# surging on 2017 ls



## jmorisit (Jun 22, 2017)

I've had my 2017 ls cruze for about 10 months now it has 1400 miles on it. today i had to go to the bank and started to pull out of driveway the car started to surge and running rough. I let it warm up before i took off (playing with raido) i have a habbit of letting it warm up a little before i take off never have just jumped in it and take off. I then stop at my next stop sign and everything was normal. went to next stop sign and again car started surging and running rough. the car was still trying to move forward with my foot fully down on brake . no codes on dash . I've owned many new cars in my 54 years of life and never had anything like this happen. I went to bank and back about 15 miles total and car never did repeat this problem. I've put high grade fuel in it since new.I only use one foot on pedals made sure foot was not on accelerator. I will be going to dealer to have it checked out but again having no codes come up on dash it has me worried. I have tried to see if this problem has happened to anyone else. Again when i say surge it was trying to move forward while i had my foot on the brake pedal. That is very upsetting . I have been treating this car very well and hoping it would do me the same. now i feel like this car might turn into a nightmare. Has anyone had this happen? It is a auto trans.The car would first start trying to move forward then would run rough.


----------



## cohbraz (Dec 9, 2017)

I had this exact same thing happen to me two days ago. The only difference is that I did not let it warm up any. I drove off within a minute of cranking, and it started surging at the third stop I made - which would have been within a mile from where I started the car. It was odd - no error codes, and I looked at the tach which seemed to be holding steady just above 1,000 RPM. The car has not done that since.


----------



## Pegasus (Feb 17, 2018)

My wife and I had a surging problem with our recently purchased '17, among many other issues when she first bought it. (no codes either) It now has 2500 miles on it, no surging issues currently. IDK if this has anything to do with anything, but it sat on the dealers lot for over a year before my wife bought it, had 200 miles.


----------



## jmorisit (Jun 22, 2017)

I have a update but still no answer on why my car acted up. I did not tell about my in car camera installed on car. i thought i would be able to show my dealer the video. however when the car was acting up so did the camera. I played before footage and camera works fine. i played the trip back and again camera worked fine. when i played the video at the time my car was acting up the camera acts up.

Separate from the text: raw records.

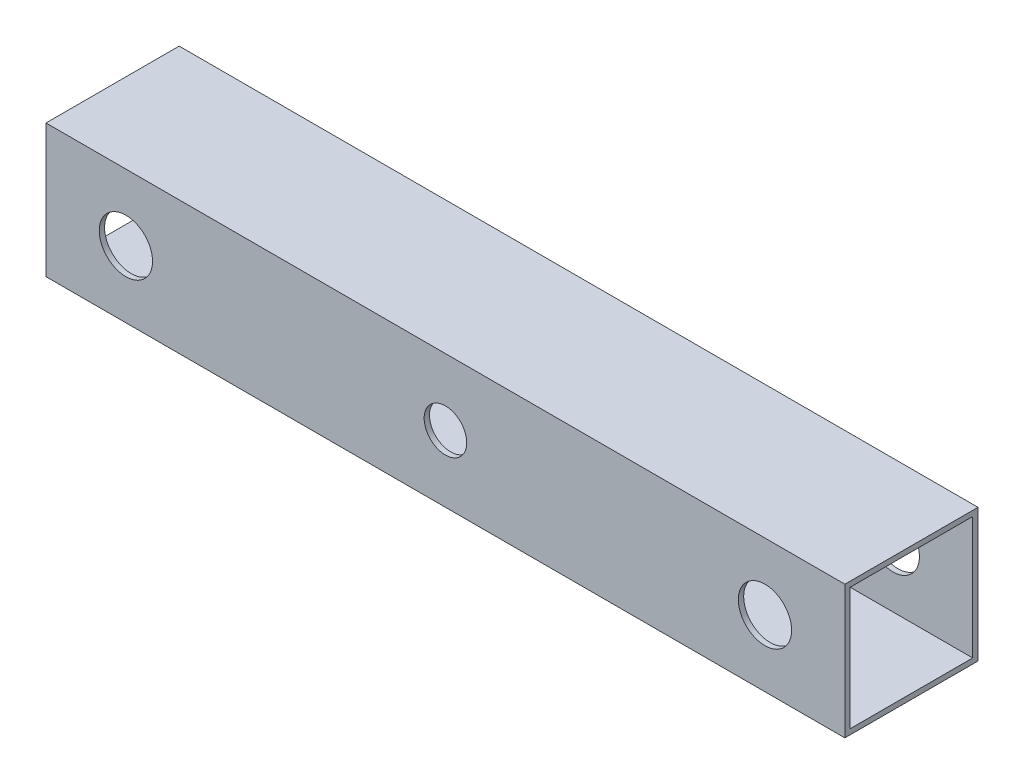
SolidWorks part; units mm, degrees
ref_plane "Front Plane" through (0, 0, 0) normal (0, 0, 1) x (1, 0, 0)
ref_plane "Top Plane" through (0, 0, 0) normal (0, 1, 0) x (1, 0, 0)
ref_plane "Right Plane" through (0, 0, 0) normal (1, 0, 0) x (0, 0, -1)
sketch "Sketch1" plane through (0, 0, 0) normal (1, 0, 0) x (0, 0, -1)
  line L0 (-12.5, 12.5) -> (12.5, 12.5)
  line L2 (-11.5, -11.5) -> (-11.5, 11.5)
  line L3 (-11.5, 11.5) -> (11.5, 11.5)
  line L5 (-11.5, -11.5) -> (11.5, 11.5) construction
  line L6 (-11.5, 11.5) -> (11.5, -11.5) construction
  line L7 (12.5, -12.5) -> (12.5, 12.5)
  line L8 (-12.5, -12.5) -> (12.5, -12.5)
  line L9 (-12.5, -12.5) -> (-12.5, 12.5)
  line L12 (-11.5, 11.5) -> (11.5, 11.5) construction
  line L13 (-11.5, -11.5) -> (11.5, -11.5)
  line L14 (-11.5, -11.5) -> (-11.5, 11.5) construction
  line L15 (11.5, -11.5) -> (11.5, 11.5)
  line L16 (-11.5, -11.5) -> (11.5, -11.5) construction
  line L18 (11.5, -11.5) -> (11.5, 11.5) construction
  point P0 (0, 0)
  dimension "D2" = 25
  dimension "D1" = 1
extrude "Boss-Extrude1" add sketch "Sketch1" along normal blind 150
sketch "Sketch2" plane through (0, 0, 12.5) normal (0, 0, 1) x (1, 0, 0)
  line L0 (0, 0) -> (150, 0) construction
  line L1 (150, 12.5) -> (150, -12.5) construction
  circle A0 centre (75, 0) radius 4
  circle A1 centre (15, 0) radius 5
  circle A2 centre (135, 0) radius 5
  dimension "D1" = 8
  dimension "D2" = 10
  dimension "D3" = 60
  dimension "D4" = 60
extrude "Cut-Extrude1" cut sketch "Sketch2" against normal through all
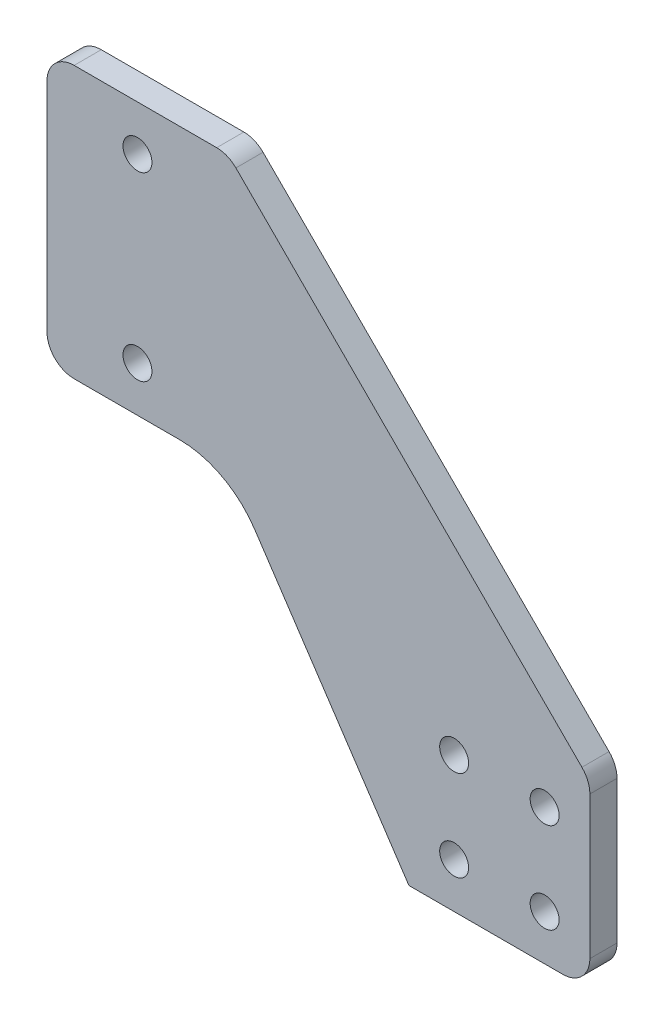
SolidWorks part; units mm, degrees
ref_plane "前视基准面" through (0, 0, 0) normal (0, 0, 1) x (1, 0, 0)
ref_plane "上视基准面" through (0, 0, 0) normal (0, 1, 0) x (1, 0, 0)
ref_plane "右视基准面" through (0, 0, 0) normal (1, 0, 0) x (0, 0, -1)
other "Configuration Table"
sketch "草图1" plane through (0, 0, 0) normal (0, 0, 1) x (1, 0, 0)
  line L0 (0, 0) -> (20, 0)
  line L1 (20, 0) -> (60, -40)
  line L2 (60, -40) -> (60, -60)
  line L3 (60, -60) -> (0, -60)
  line L4 (0, -60) -> (0, 0)
  line L5 (10, 0) -> (10, -60) construction
  line L6 (60, -50) -> (0, -50) construction
  line L7 (50, -60) -> (50, -30) construction
  circle A0 centre (10, -5) radius 1.6
  circle A1 centre (10, -25) radius 1.6
  circle A2 centre (55, -55) radius 1.6
  circle A3 centre (55, -45) radius 1.6
  circle A4 centre (45, -55) radius 1.6
  circle A5 centre (45, -45) radius 1.6
  dimension "D5" = 3.2
  dimension "D6" = 3.2
  dimension "D10" = 3.2
  dimension "D1" = 20
  dimension "D2" = 20
  dimension "D3" = 60
  dimension "D4" = 60
  dimension "D7" = 35
  dimension "D8" = 20
  dimension "D9" = 10
  dimension "D11" = 5
  dimension "D12" = 5
extrude "凸台-拉伸1" add sketch "草图1" along normal blind 3
sketch "草图2" plane through (0, 0, 3) normal (0, 0, 1) x (1, 0, 0)
  line L1 (0, 0) -> (0, -60) construction
  line L2 (0, -60) -> (60, -60) construction
  line L3 (40, -60) -> (0, -60)
  line L4 (0, -60) -> (0, -30)
  line L5 (0, -30) -> (20, -30)
  line L6 (20, -30) -> (40, -60)
  dimension "D1" = 40
  dimension "D2" = 30
  dimension "D3" = 20
extrude "切除-拉伸1" cut sketch "草图2" against normal through all
fillet "圆角1" radius 3 5 edges at (60, -60, 1.5) (60, -40, 1.5) (20, 0, 1.5) (0, 0, 1.5) (0, -30, 1.5)
fillet "圆角2" radius 10 1 edges at (20, -30, 1.5)

So the first thing i did was unplug the camera ( it is plugged into the outlet not hard wired ) just to make sure my camera wasn't doing it. I have told my dealer this also. they had my car for about 3 hours and of course found nothing wrong. About one week later the car again acted up. not surging just rough running. so far the only thing that was the same when car acts up is it was high humidity out . It had just finshed raining it was about 45 outside. This has me worried because there is no codes when this happens. I now have 1600 miles on this car and feel this is going to be money pit once my warranty is up. There seems to be a bug either in electric system or in the computer code. Now i am NOT a car mechanic and am not trying to play one. i just know that this car has a problem with it and it won,t show any codes to track it down.


----------



## jblackburn (Apr 14, 2012)

jmorisit said:


> I have a update but still no answer on why my car acted up. I did not tell about my in car camera installed on car. i thought i would be able to show my dealer the video. however when the car was acting up so did the camera. I played before footage and camera works fine. i played the trip back and again camera worked fine. when i played the video at the time my car was acting up the camera acts up. So the first thing i did was unplug the camera ( it is plugged into the outlet not hard wired ) just to make sure my camera wasn't doing it. I have told my dealer this also. they had my car for about 3 hours and of course found nothing wrong. About one week later the car again acted up. not surging just rough running. so far the only thing that was the same when car acts up is it was high humidity out . It had just finshed raining it was about 45 outside. This has me worried because there is no codes when this happens. I now have 1600 miles on this car and feel this is going to be money pit once my warranty is up. There seems to be a bug either in electric system or in the computer code. Now i am NOT a car mechanic and am not trying to play one. i just know that this car has a problem with it and it won,t show any codes to track it down.


Sounds electrical

Check the battery compartment in the trunk for water.

This was a subject of a recall on the 2016-I think 2017 Gen 2 Cruzes.


----------